Registration is way to gain public trust and “enhanced public confidence in the research enterprise will compensate for the costs of full disclosure,” write the NEJM authors. Patients volunteering for clinical trials “deserve to know that their contribution to improving human health will be available to inform health care decisions.” And the knowledge made possible by their collective altruism “must be accessible to everyone.”
While the authors of this F&S paper did not mention author names for the papers they criticize, they do mention the names of the researchers behind the WTD studies. They heaped praise on these investigators, for example for registering studies and revealing how the results were kept from the researchers in order to avoid bias.
The scientists like the care and dedication that characterizes the work that went into the studies they praise. One study had the writers so joyous, they wrote to the authors: “We salute you!”
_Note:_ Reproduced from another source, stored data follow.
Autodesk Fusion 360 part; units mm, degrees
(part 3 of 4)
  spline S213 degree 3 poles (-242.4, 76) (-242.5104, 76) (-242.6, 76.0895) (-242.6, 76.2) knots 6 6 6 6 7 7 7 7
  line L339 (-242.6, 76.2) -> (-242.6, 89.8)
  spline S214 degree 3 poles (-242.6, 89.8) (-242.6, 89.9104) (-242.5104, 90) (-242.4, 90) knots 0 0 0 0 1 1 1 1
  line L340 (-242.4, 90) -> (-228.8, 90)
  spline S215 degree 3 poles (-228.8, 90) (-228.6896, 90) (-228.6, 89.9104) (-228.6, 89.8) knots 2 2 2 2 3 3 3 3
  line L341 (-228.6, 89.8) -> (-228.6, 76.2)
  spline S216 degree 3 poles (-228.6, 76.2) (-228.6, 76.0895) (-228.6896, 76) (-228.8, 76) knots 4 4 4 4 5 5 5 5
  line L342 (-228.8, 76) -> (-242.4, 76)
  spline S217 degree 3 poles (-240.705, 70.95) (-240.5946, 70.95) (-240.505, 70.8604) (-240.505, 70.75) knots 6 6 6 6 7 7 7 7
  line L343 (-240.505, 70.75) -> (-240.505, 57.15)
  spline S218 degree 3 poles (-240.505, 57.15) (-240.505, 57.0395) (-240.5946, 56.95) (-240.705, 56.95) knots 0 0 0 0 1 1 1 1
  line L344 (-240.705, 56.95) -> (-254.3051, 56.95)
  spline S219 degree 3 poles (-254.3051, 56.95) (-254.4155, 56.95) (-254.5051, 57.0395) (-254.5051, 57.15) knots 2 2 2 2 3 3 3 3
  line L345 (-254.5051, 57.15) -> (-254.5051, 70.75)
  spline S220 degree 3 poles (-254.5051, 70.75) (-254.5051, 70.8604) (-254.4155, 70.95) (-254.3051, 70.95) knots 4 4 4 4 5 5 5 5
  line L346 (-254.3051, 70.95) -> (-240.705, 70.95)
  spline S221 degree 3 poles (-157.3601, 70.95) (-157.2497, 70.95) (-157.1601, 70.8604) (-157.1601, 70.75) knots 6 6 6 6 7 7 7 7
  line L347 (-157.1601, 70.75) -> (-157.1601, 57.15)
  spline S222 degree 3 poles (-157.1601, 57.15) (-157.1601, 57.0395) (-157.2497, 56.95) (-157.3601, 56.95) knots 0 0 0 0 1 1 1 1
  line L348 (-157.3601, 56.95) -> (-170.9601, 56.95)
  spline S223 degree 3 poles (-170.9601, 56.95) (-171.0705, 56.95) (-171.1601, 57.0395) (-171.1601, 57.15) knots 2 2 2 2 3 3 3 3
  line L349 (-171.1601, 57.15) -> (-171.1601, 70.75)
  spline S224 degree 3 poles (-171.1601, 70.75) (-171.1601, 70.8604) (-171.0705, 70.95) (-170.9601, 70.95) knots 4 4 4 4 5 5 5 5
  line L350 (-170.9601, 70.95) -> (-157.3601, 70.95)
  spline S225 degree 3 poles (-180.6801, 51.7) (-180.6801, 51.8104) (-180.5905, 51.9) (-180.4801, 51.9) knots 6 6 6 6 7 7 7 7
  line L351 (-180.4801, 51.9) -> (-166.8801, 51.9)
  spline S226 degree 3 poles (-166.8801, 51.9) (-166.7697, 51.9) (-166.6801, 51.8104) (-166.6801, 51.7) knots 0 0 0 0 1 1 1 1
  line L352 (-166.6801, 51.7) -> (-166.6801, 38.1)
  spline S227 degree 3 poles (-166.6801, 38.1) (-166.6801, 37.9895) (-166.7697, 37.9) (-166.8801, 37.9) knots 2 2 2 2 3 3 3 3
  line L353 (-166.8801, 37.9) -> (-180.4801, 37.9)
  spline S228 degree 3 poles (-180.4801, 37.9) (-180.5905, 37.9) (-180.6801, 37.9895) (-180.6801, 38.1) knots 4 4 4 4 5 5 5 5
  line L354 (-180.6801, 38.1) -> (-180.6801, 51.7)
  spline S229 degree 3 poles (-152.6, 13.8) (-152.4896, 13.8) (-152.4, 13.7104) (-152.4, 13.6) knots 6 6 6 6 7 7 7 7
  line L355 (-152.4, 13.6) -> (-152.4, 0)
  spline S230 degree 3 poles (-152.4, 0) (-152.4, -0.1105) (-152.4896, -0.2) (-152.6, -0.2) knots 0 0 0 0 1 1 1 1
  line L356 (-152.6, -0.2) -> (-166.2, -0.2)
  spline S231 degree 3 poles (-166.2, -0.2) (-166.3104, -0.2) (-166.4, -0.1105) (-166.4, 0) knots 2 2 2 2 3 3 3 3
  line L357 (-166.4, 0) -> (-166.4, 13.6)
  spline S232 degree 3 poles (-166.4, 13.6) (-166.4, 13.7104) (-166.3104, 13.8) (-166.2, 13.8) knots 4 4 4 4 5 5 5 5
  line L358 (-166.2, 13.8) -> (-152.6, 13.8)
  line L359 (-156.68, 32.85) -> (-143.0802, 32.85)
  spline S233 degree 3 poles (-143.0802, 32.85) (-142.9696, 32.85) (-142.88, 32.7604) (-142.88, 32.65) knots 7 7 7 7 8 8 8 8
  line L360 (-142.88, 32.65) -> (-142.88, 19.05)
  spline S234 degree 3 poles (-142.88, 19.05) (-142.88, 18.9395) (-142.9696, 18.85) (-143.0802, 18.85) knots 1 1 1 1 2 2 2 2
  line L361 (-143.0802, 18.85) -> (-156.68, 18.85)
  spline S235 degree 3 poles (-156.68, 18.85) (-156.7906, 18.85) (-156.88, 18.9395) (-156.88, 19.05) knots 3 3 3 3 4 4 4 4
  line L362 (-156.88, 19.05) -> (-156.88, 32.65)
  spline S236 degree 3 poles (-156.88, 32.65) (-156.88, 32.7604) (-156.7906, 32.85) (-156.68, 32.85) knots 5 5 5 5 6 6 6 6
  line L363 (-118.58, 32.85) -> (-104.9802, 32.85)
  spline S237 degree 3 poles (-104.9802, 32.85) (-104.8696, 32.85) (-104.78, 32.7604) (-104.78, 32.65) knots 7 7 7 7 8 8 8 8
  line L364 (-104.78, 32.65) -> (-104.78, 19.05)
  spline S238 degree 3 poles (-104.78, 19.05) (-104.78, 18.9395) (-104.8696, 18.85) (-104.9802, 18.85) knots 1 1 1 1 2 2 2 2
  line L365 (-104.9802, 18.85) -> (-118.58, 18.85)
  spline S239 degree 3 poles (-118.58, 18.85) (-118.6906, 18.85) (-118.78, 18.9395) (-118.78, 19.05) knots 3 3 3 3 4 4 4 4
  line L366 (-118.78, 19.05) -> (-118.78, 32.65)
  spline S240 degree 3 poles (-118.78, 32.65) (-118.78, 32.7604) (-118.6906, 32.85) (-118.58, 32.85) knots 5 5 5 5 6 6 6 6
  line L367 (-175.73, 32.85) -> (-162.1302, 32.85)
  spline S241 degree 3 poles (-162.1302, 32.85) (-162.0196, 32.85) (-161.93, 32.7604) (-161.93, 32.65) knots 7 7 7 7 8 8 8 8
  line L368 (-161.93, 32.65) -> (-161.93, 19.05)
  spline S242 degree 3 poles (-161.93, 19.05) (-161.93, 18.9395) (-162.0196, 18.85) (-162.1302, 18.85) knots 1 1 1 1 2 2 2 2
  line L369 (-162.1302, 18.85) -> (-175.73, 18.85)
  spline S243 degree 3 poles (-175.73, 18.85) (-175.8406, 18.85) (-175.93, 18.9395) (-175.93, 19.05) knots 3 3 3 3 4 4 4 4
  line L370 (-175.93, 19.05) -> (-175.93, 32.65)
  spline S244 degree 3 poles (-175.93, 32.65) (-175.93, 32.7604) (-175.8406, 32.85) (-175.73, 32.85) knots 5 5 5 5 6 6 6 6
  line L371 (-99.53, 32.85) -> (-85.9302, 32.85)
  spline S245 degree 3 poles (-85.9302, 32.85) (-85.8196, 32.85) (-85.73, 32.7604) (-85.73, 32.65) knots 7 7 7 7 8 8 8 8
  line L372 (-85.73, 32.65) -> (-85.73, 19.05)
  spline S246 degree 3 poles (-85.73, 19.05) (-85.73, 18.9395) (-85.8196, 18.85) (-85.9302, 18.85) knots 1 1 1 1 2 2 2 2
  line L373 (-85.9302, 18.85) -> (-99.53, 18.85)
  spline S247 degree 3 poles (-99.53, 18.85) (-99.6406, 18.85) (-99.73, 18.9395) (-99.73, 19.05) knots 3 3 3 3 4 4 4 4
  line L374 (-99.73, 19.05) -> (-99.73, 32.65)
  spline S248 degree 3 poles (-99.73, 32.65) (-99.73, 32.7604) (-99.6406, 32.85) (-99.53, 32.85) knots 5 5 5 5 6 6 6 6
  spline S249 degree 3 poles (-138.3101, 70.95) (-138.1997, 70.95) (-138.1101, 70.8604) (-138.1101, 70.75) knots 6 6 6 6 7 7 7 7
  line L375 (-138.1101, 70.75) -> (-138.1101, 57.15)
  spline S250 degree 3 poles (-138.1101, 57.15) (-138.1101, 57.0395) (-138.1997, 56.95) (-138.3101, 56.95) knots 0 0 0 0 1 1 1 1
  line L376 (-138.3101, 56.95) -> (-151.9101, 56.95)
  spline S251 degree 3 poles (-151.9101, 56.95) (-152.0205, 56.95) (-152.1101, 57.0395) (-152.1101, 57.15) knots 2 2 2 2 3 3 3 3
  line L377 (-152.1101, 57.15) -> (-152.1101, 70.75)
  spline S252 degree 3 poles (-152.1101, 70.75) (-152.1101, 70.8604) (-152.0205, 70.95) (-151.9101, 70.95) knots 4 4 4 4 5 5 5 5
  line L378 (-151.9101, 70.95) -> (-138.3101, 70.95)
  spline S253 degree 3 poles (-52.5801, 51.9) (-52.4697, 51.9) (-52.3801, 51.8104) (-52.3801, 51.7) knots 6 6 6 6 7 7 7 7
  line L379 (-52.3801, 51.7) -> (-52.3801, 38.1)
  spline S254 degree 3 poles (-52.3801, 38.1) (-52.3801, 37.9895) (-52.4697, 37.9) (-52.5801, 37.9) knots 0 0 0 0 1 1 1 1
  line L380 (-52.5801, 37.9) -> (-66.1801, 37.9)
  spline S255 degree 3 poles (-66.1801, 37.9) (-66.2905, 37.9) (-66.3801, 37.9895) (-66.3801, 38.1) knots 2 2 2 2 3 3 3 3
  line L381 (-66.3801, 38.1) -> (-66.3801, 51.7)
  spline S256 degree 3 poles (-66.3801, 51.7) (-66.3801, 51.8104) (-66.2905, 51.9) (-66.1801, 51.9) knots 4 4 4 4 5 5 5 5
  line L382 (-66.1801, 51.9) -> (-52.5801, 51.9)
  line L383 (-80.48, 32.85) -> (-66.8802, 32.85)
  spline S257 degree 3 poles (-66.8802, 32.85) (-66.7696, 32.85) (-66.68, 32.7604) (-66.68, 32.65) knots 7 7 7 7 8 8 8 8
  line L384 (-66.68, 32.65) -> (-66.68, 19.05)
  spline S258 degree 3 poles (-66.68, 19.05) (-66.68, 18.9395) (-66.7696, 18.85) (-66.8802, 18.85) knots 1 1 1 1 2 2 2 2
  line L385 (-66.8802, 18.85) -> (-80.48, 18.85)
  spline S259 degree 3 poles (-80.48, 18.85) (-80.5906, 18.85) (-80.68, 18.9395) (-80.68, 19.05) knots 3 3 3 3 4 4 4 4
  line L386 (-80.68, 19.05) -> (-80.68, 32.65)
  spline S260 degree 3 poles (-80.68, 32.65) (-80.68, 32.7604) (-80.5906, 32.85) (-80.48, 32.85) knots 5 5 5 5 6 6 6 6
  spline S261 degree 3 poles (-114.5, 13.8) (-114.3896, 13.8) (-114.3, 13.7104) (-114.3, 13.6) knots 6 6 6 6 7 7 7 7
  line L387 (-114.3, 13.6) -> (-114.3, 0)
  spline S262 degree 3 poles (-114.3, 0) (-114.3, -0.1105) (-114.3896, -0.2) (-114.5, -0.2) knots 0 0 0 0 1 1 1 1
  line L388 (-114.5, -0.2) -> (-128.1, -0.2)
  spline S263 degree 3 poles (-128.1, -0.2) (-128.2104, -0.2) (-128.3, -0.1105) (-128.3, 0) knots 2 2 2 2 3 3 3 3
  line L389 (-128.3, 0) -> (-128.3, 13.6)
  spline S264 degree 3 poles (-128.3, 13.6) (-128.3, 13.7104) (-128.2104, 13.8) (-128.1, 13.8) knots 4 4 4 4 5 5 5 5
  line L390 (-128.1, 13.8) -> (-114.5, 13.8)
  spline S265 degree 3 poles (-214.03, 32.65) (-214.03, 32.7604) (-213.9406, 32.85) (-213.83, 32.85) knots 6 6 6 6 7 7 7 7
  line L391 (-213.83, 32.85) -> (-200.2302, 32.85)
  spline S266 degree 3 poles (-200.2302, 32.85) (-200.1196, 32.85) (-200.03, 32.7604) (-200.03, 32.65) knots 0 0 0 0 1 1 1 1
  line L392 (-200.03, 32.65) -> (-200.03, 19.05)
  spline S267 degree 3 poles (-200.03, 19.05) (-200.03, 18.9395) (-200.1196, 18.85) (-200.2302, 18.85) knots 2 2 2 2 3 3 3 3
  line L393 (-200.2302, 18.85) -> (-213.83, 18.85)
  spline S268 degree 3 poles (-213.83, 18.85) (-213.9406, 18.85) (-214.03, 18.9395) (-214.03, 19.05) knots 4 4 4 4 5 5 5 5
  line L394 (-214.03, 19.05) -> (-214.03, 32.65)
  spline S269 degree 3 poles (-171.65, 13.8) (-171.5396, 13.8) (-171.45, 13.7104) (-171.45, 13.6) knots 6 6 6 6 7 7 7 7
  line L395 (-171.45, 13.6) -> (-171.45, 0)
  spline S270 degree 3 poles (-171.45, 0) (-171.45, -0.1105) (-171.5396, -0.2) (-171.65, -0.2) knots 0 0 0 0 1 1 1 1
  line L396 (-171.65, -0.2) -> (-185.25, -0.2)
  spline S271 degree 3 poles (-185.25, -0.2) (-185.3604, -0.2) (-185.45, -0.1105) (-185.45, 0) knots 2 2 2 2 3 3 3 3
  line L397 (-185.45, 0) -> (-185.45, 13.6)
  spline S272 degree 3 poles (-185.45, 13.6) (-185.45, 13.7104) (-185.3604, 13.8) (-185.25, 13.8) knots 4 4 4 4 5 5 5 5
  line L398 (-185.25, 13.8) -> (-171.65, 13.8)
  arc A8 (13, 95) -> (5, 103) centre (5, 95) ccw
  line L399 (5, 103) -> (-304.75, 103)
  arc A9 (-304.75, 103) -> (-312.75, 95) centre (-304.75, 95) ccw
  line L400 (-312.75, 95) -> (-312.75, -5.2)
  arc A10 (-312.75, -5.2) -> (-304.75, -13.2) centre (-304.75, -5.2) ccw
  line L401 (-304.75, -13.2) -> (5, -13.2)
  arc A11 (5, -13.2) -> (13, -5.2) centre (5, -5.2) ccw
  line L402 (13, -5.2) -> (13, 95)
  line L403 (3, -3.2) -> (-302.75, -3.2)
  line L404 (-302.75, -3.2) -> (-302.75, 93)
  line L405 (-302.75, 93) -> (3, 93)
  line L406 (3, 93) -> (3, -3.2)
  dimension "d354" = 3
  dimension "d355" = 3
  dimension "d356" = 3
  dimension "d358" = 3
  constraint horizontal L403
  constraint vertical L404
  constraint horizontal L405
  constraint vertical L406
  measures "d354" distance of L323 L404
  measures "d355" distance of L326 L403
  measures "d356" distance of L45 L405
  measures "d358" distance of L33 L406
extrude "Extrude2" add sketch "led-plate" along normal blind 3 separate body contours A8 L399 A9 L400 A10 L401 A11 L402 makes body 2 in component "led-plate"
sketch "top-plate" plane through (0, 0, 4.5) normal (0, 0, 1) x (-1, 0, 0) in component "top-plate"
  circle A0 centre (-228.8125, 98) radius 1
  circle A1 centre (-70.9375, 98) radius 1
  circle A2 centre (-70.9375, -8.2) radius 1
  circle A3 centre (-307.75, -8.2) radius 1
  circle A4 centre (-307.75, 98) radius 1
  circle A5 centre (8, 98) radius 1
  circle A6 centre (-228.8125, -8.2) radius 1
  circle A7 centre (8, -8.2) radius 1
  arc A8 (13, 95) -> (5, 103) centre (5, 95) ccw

Challenges in study design are not limited to the field of reproductive medicine. In the JAMA article, scientists explained that their analysis raises questions more generally about the ability of clinical trials to supply enough high quality evidence for recommendations. Trials remain small, for example, with widespread variation in procedures such as randomizing and blinding. While in some fields of medicine small-scale studies can yield useful results, the authors write that “substantial differences in the use of randomization and blinding across specialties persist after adjustment for phase, raising fundamental questions about the ability to draw reliable inferences from clinical research conducted in that arena.” Study design and the snoozy topic of statistics have powerful consequences.
Meldrum, D et al. The null hypothesis: closing the gap between good intentions and good studies Fertility and Sterility. Vol. 96, No. 1, July 2011.
Califf, Robert et al. Characteristics of Clinical Trials Registered in ClinicalTrials.gov, 2007-2010, JAMA 2012;307(17):1838-1847. doi:10.1001/jama.2012.3424.